Challenge of Fundraising in Emerging Markets

Unlike in the U.S., where investors are spoiled with opportunities and capital moves quickly, securing funding for startups in regions like the Middle East as well as Southeast Asia is significantly harder.

The reality is that investors prioritize security, liquidity, and familiarity. A U.S. family office managing $100 million, for example, will allocate the majority of its portfolio to low-risk instruments like bonds, real estate, and blue-chip stocks. Venture capital is only a small sliver of that allocation, and even then, most of it flows into the U.S. ecosystem, where returns are more predictable and exits are well-defined.

For emerging markets, the challenge is twofold: first, convincing investors to take a chance on high-risk geographies, and second, competing against the sheer abundance of lucrative opportunities in established markets.

While the skepticism from global investors is a challenge, Ramzi notes a shift. More local wealth in Asia is staying within the region, with family offices in countries like China, Vietnam, and Indonesia reinvesting in local ecosystems. This change is fueling the growth of startups in emerging markets.

Investing Where The Problems Are

Ramzi’s decision to invest in emerging markets comes down to one core belief: you have to invest where the problems lie. He sees emerging markets not as risky outliers but as fertile ground for meaningful innovation and positive impact—because the biggest challenges create the biggest opportunities.

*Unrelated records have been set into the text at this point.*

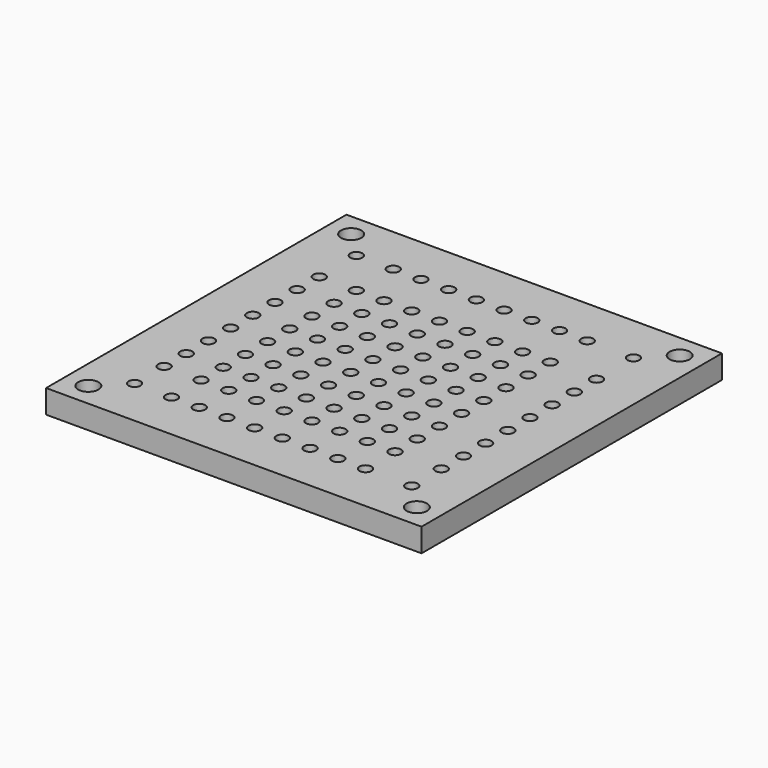
from build123d import *

# Parameters (mm, degrees)
F1_W     = 203.2
F1_H     = 203.2
F2_DEPTH = 12.7
F3_R     = 5.5
F3_R_2   = 3.25
F4_DEPTH = 6.35
F5_DEPTH = 12.701
F6_R     = 3.25
F7_DEPTH = 12.7
F8_DEPTH = 5


# Not quite as in the source:
# - a feature names something its author has since deleted; it is built from what else it names


with BuildPart() as f2:
    # F1 (on Top) → F2 (new body)
    with BuildSketch(Plane.XY):
        with Locations((101.6, 101.6)):
            Rectangle(F1_W, F1_H)
    extrude(amount=F2_DEPTH)

    # F3 (on face) → F4 (cut)
    with BuildSketch(Plane.XY.offset(12.7)):
        with Locations((12.7, 190.5)):
            Circle(F3_R)
        with Locations((12.7, 190.5)):
            Circle(F3_R_2, mode=Mode.SUBTRACT)
        with Locations((190.5, 190.5)):
            Circle(F3_R)
        with Locations((190.5, 190.5)):
            Circle(F3_R_2, mode=Mode.SUBTRACT)
        with Locations((190.5, 12.7)):
            Circle(F3_R)
        with Locations((190.5, 12.7)):
            Circle(F3_R_2, mode=Mode.SUBTRACT)
        with Locations((12.7, 12.7)):
            Circle(F3_R)
        with Locations((12.7, 12.7)):
            Circle(F3_R_2, mode=Mode.SUBTRACT)
        with Locations((12.7, 190.5)):
            Circle(F3_R_2)
        with Locations((190.5, 12.7)):
            Circle(F3_R_2)
        with Locations((190.5, 190.5)):
            Circle(F3_R_2)
        with Locations((12.7, 12.7)):
            Circle(F3_R_2)
    extrude(amount=-F4_DEPTH, mode=Mode.SUBTRACT)

    # F3 (on face) → F5 (cut, through all)
    with BuildSketch(Plane.XY.offset(12.7)):
        with Locations((12.7, 190.5)):
            Circle(F3_R_2)
        with Locations((190.5, 190.5)):
            Circle(F3_R_2)
        with Locations((190.5, 12.7)):
            Circle(F3_R_2)
        with Locations((12.7, 12.7)):
            Circle(F3_R_2)
    extrude(amount=-F5_DEPTH, mode=Mode.SUBTRACT)

    # F6 (on face) → F7 (cut, through all)
    with BuildSketch(Plane(origin=(0, 0, 0), x_dir=(1, 0, 0), z_dir=(0, 0, -1))):
        with Locations((26.6, -26.6)):
            Circle(F6_R)
        with Locations((46.6, -26.6)):
            Circle(F6_R)
        with Locations((61.6, -26.6)):
            Circle(F6_R)
        with Locations((76.6, -26.6)):
            Circle(F6_R)
        with Locations((91.6, -26.6)):
            Circle(F6_R)
        with Locations((106.6, -26.6)):
            Circle(F6_R)
        with Locations((121.6, -26.6)):
            Circle(F6_R)
        with Locations((136.6, -26.6)):
            Circle(F6_R)
        with Locations((151.6, -26.6)):
            Circle(F6_R)
        with Locations((176.6, -26.6)):
            Circle(F6_R)
        with Locations((176.6, -46.6)):
            Circle(F6_R)
        with Locations((151.6, -46.6)):
            Circle(F6_R)
        with Locations((136.6, -46.6)):
            Circle(F6_R)
        with Locations((121.6, -46.6)):
            Circle(F6_R)
        with Locations((106.6, -46.6)):
            Circle(F6_R)
        with Locations((91.6, -46.6)):
            Circle(F6_R)
        with Locations((76.6, -46.6)):
            Circle(F6_R)
        with Locations((61.6, -46.6)):
            Circle(F6_R)
        with Locations((46.6, -46.6)):
            Circle(F6_R)
        with Locations((26.6, -46.6)):
            Circle(F6_R)
        with Locations((26.6, -61.6)):
            Circle(F6_R)
        with Locations((46.6, -61.6)):
            Circle(F6_R)
        with Locations((61.6, -61.6)):
            Circle(F6_R)
        with Locations((76.6, -61.6)):
            Circle(F6_R)
        with Locations((91.6, -61.6)):
            Circle(F6_R)
        with Locations((106.6, -61.6)):
            Circle(F6_R)
        with Locations((121.6, -61.6)):
            Circle(F6_R)
        with Locations((136.6, -61.6)):
            Circle(F6_R)
        with Locations((151.6, -61.6)):
            Circle(F6_R)
        with Locations((176.6, -61.6)):
            Circle(F6_R)
        with Locations((176.6, -76.6)):
            Circle(F6_R)
        with Locations((151.6, -76.6)):
            Circle(F6_R)
        with Locations((136.6, -76.6)):
            Circle(F6_R)
        with Locations((121.6, -76.6)):
            Circle(F6_R)
        with Locations((106.6, -76.6)):
            Circle(F6_R)
        with Locations((91.6, -76.6)):
            Circle(F6_R)
        with Locations((76.6, -76.6)):
            Circle(F6_R)
        with Locations((61.6, -76.6)):
            Circle(F6_R)
        with Locations((46.6, -76.6)):
            Circle(F6_R)
        with Locations((26.6, -76.6)):
            Circle(F6_R)
        with Locations((26.6, -91.6)):
            Circle(F6_R)
        with Locations((46.6, -91.6)):
            Circle(F6_R)
        with Locations((61.6, -91.6)):
            Circle(F6_R)
        with Locations((76.6, -91.6)):
            Circle(F6_R)
        with Locations((91.6, -91.6)):
            Circle(F6_R)
        with Locations((106.6, -91.6)):
            Circle(F6_R)
        with Locations((121.6, -91.6)):
            Circle(F6_R)
        with Locations((136.6, -91.6)):
            Circle(F6_R)
        with Locations((151.6, -91.6)):
            Circle(F6_R)
        with Locations((176.6, -91.6)):
            Circle(F6_R)
        with Locations((176.6, -106.6)):
            Circle(F6_R)
        with Locations((151.6, -106.6)):
            Circle(F6_R)
        with Locations((136.6, -106.6)):
            Circle(F6_R)
        with Locations((121.6, -106.6)):
            Circle(F6_R)
        with Locations((106.6, -106.6)):
            Circle(F6_R)
        with Locations((91.6, -106.6)):
            Circle(F6_R)
        with Locations((76.6, -106.6)):
            Circle(F6_R)
        with Locations((61.6, -106.6)):
            Circle(F6_R)
        with Locations((46.6, -106.6)):
            Circle(F6_R)
        with Locations((26.6, -106.6)):
            Circle(F6_R)
        with Locations((26.6, -121.6)):
            Circle(F6_R)
        with Locations((46.6, -121.6)):
            Circle(F6_R)
        with Locations((61.6, -121.6)):
            Circle(F6_R)
        with Locations((76.6, -121.6)):
            Circle(F6_R)
        with Locations((91.6, -121.6)):
            Circle(F6_R)
        with Locations((106.6, -121.6)):
            Circle(F6_R)
        with Locations((121.6, -121.6)):
            Circle(F6_R)
        with Locations((136.6, -121.6)):
            Circle(F6_R)
        with Locations((151.6, -121.6)):
            Circle(F6_R)
        with Locations((176.6, -121.6)):
            Circle(F6_R)
        with Locations((176.6, -136.6)):
            Circle(F6_R)
        with Locations((151.6, -136.6)):
            Circle(F6_R)
        with Locations((136.6, -136.6)):
            Circle(F6_R)
        with Locations((121.6, -136.6)):
            Circle(F6_R)
        with Locations((106.6, -136.6)):
            Circle(F6_R)
        with Locations((91.6, -136.6)):
            Circle(F6_R)
        with Locations((76.6, -136.6)):
            Circle(F6_R)
        with Locations((61.6, -136.6)):
            Circle(F6_R)
        with Locations((46.6, -136.6)):
            Circle(F6_R)
        with Locations((26.6, -136.6)):
            Circle(F6_R)
        with Locations((26.6, -151.6)):
            Circle(F6_R)
        with Locations((46.6, -151.6)):
            Circle(F6_R)
        with Locations((61.6, -151.6)):
            Circle(F6_R)
        with Locations((76.6, -151.6)):
            Circle(F6_R)
        with Locations((91.6, -151.6)):
            Circle(F6_R)
        with Locations((106.6, -151.6)):
            Circle(F6_R)
        with Locations((121.6, -151.6)):
            Circle(F6_R)
        with Locations((136.6, -151.6)):
            Circle(F6_R)
        with Locations((151.6, -151.6)):
            Circle(F6_R)
        with Locations((176.6, -151.6)):
            Circle(F6_R)
        with Locations((176.6, -176.6)):
            Circle(F6_R)
        with Locations((151.6, -176.6)):
            Circle(F6_R)
        with Locations((136.6, -176.6)):
            Circle(F6_R)
        with Locations((121.6, -176.6)):
            Circle(F6_R)
        with Locations((106.6, -176.6)):
            Circle(F6_R)
        with Locations((91.6, -176.6)):
            Circle(F6_R)
        with Locations((76.6, -176.6)):
            Circle(F6_R)
        with Locations((61.6, -176.6)):
            Circle(F6_R)
        with Locations((46.6, -176.6)):
            Circle(F6_R)
        with Locations((26.6, -176.6)):
            Circle(F6_R)
    extrude(amount=-F7_DEPTH, mode=Mode.SUBTRACT)

    # F6 (on face) → F8 (cut)
    with BuildSketch(Plane(origin=(0, 0, 0), x_dir=(1, 0, 0), z_dir=(0, 0, -1))):
        Polygon((30.8457822208, -22.3542177792), (25.0459358482, -20.8001536274), (20.8001536274, -25.0459358482), (22.3542177792, -30.8457822208), (28.1540641518, -32.3998463726), (32.3998463726, -28.1540641518), align=None)
        with Locations((26.6, -26.6)):
            Circle(F6_R, mode=Mode.SUBTRACT)
        Polygon((50.8457822208, -22.3542177792), (45.0459358482, -20.8001536274), (40.8001536274, -25.0459358482), (42.3542177792, -30.8457822208), (48.1540641518, -32.3998463726), (52.3998463726, -28.1540641518), align=None)
        with Locations((46.6, -26.6)):
            Circle(F6_R, mode=Mode.SUBTRACT)
        Polygon((65.8457822208, -22.3542177792), (60.0459358482, -20.8001536274), (55.8001536274, -25.0459358482), (57.3542177792, -30.8457822208), (63.1540641518, -32.3998463726), (67.3998463726, -28.1540641518), align=None)
        with Locations((61.6, -26.6)):
            Circle(F6_R, mode=Mode.SUBTRACT)
        Polygon((80.8457822208, -22.3542177792), (75.0459358482, -20.8001536274), (70.8001536274, -25.0459358482), (72.3542177792, -30.8457822208), (78.1540641518, -32.3998463726), (82.3998463726, -28.1540641518), align=None)
        with Locations((76.6, -26.6)):
            Circle(F6_R, mode=Mode.SUBTRACT)
        Polygon((95.8457822208, -22.3542177792), (90.0459358482, -20.8001536274), (85.8001536274, -25.0459358482), (87.3542177792, -30.8457822208), (93.1540641518, -32.3998463726), (97.3998463726, -28.1540641518), align=None)
        with Locations((91.6, -26.6)):
            Circle(F6_R, mode=Mode.SUBTRACT)
        Polygon((110.8457822208, -22.3542177792), (105.0459358482, -20.8001536274), (100.8001536274, -25.0459358482), (102.3542177792, -30.8457822208), (108.1540641518, -32.3998463726), (112.3998463726, -28.1540641518), align=None)
        with Locations((106.6, -26.6)):
            Circle(F6_R, mode=Mode.SUBTRACT)
        Polygon((125.8457822208, -22.3542177792), (120.0459358482, -20.8001536274), (115.8001536274, -25.0459358482), (117.3542177792, -30.8457822208), (123.1540641518, -32.3998463726), (127.3998463726, -28.1540641518), align=None)
        with Locations((121.6, -26.6)):
            Circle(F6_R, mode=Mode.SUBTRACT)
        Polygon((140.8457822208, -22.3542177792), (135.0459358482, -20.8001536274), (130.8001536274, -25.0459358482), (132.3542177792, -30.8457822208), (138.1540641518, -32.3998463726), (142.3998463726, -28.1540641518), align=None)
        with Locations((136.6, -26.6)):
            Circle(F6_R, mode=Mode.SUBTRACT)
        Polygon((155.8457822208, -22.3542177792), (150.0459358482, -20.8001536274), (145.8001536274, -25.0459358482), (147.3542177792, -30.8457822208), (153.1540641518, -32.3998463726), (157.3998463726, -28.1540641518), align=None)
        with Locations((151.6, -26.6)):
            Circle(F6_R, mode=Mode.SUBTRACT)
        Polygon((180.8457822208, -22.3542177792), (175.0459358482, -20.8001536274), (170.8001536274, -25.0459358482), (172.3542177792, -30.8457822208), (178.1540641518, -32.3998463726), (182.3998463726, -28.1540641518), align=None)
        with Locations((176.6, -26.6)):
            Circle(F6_R, mode=Mode.SUBTRACT)
        Polygon((30.8457822208, -42.3542177792), (25.0459358482, -40.8001536274), (20.8001536274, -45.0459358482), (22.3542177792, -50.8457822208), (28.1540641518, -52.3998463726), (32.3998463726, -48.1540641518), align=None)
        with Locations((26.6, -46.6)):
            Circle(F6_R, mode=Mode.SUBTRACT)
        Polygon((50.8457822208, -42.3542177792), (45.0459358482, -40.8001536274), (40.8001536274, -45.0459358482), (42.3542177792, -50.8457822208), (48.1540641518, -52.3998463726), (52.3998463726, -48.1540641518), align=None)
        with Locations((46.6, -46.6)):
            Circle(F6_R, mode=Mode.SUBTRACT)
        Polygon((65.8457822208, -42.3542177792), (60.0459358482, -40.8001536274), (55.8001536274, -45.0459358482), (57.3542177792, -50.8457822208), (63.1540641518, -52.3998463726), (67.3998463726, -48.1540641518), align=None)
        with Locations((61.6, -46.6)):
            Circle(F6_R, mode=Mode.SUBTRACT)
        Polygon((80.8457822208, -42.3542177792), (75.0459358482, -40.8001536274), (70.8001536274, -45.0459358482), (72.3542177792, -50.8457822208), (78.1540641518, -52.3998463726), (82.3998463726, -48.1540641518), align=None)
        with Locations((76.6, -46.6)):
            Circle(F6_R, mode=Mode.SUBTRACT)
        Polygon((95.8457822208, -42.3542177792), (90.0459358482, -40.8001536274), (85.8001536274, -45.0459358482), (87.3542177792, -50.8457822208), (93.1540641518, -52.3998463726), (97.3998463726, -48.1540641518), align=None)
        with Locations((91.6, -46.6)):
            Circle(F6_R, mode=Mode.SUBTRACT)
        Polygon((110.8457822208, -42.3542177792), (105.0459358482, -40.8001536274), (100.8001536274, -45.0459358482), (102.3542177792, -50.8457822208), (108.1540641518, -52.3998463726), (112.3998463726, -48.1540641518), align=None)
        with Locations((106.6, -46.6)):
            Circle(F6_R, mode=Mode.SUBTRACT)
        Polygon((125.8457822208, -42.3542177792), (120.0459358482, -40.8001536274), (115.8001536274, -45.0459358482), (117.3542177792, -50.8457822208), (123.1540641518, -52.3998463726), (127.3998463726, -48.1540641518), align=None)
        with Locations((121.6, -46.6)):
            Circle(F6_R, mode=Mode.SUBTRACT)
        Polygon((140.8457822208, -42.3542177792), (135.0459358482, -40.8001536274), (130.8001536274, -45.0459358482), (132.3542177792, -50.8457822208), (138.1540641518, -52.3998463726), (142.3998463726, -48.1540641518), align=None)
        with Locations((136.6, -46.6)):
            Circle(F6_R, mode=Mode.SUBTRACT)
        Polygon((155.8457822208, -42.3542177792), (150.0459358482, -40.8001536274), (145.8001536274, -45.0459358482), (147.3542177792, -50.8457822208), (153.1540641518, -52.3998463726), (157.3998463726, -48.1540641518), align=None)
        with Locations((151.6, -46.6)):
            Circle(F6_R, mode=Mode.SUBTRACT)
        Polygon((180.8457822208, -42.3542177792), (175.0459358482, -40.8001536274), (170.8001536274, -45.0459358482), (172.3542177792, -50.8457822208), (178.1540641518, -52.3998463726), (182.3998463726, -48.1540641518), align=None)
        with Locations((176.6, -46.6)):
            Circle(F6_R, mode=Mode.SUBTRACT)
        Polygon((30.8457822208, -57.3542177792), (25.0459358482, -55.8001536274), (20.8001536274, -60.0459358482), (22.3542177792, -65.8457822208), (28.1540641518, -67.3998463726), (32.3998463726, -63.1540641518), align=None)
        with Locations((26.6, -61.6)):
            Circle(F6_R, mode=Mode.SUBTRACT)
        Polygon((50.8457822208, -57.3542177792), (45.0459358482, -55.8001536274), (40.8001536274, -60.0459358482), (42.3542177792, -65.8457822208), (48.1540641518, -67.3998463726), (52.3998463726, -63.1540641518), align=None)
        with Locations((46.6, -61.6)):
            Circle(F6_R, mode=Mode.SUBTRACT)
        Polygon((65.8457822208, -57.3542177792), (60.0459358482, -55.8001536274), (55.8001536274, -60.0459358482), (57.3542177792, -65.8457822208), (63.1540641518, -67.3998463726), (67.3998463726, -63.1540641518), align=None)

But seizing those opportunities requires a different playbook. The traditional VC model, with sky-high valuations and rapid follow-on rounds, simply doesn’t fit. “You almost have to take a private equity approach instead of a venture capital approach,” Ramzi explains. With limited capital available, startups must be built for sustainability from day one. 

“The path we’ve taken hasn’t been easy,” Ramzi reflects. “But the journey has been deeply rewarding. We’ve proven that it’s possible to create value in places where others see only risk.”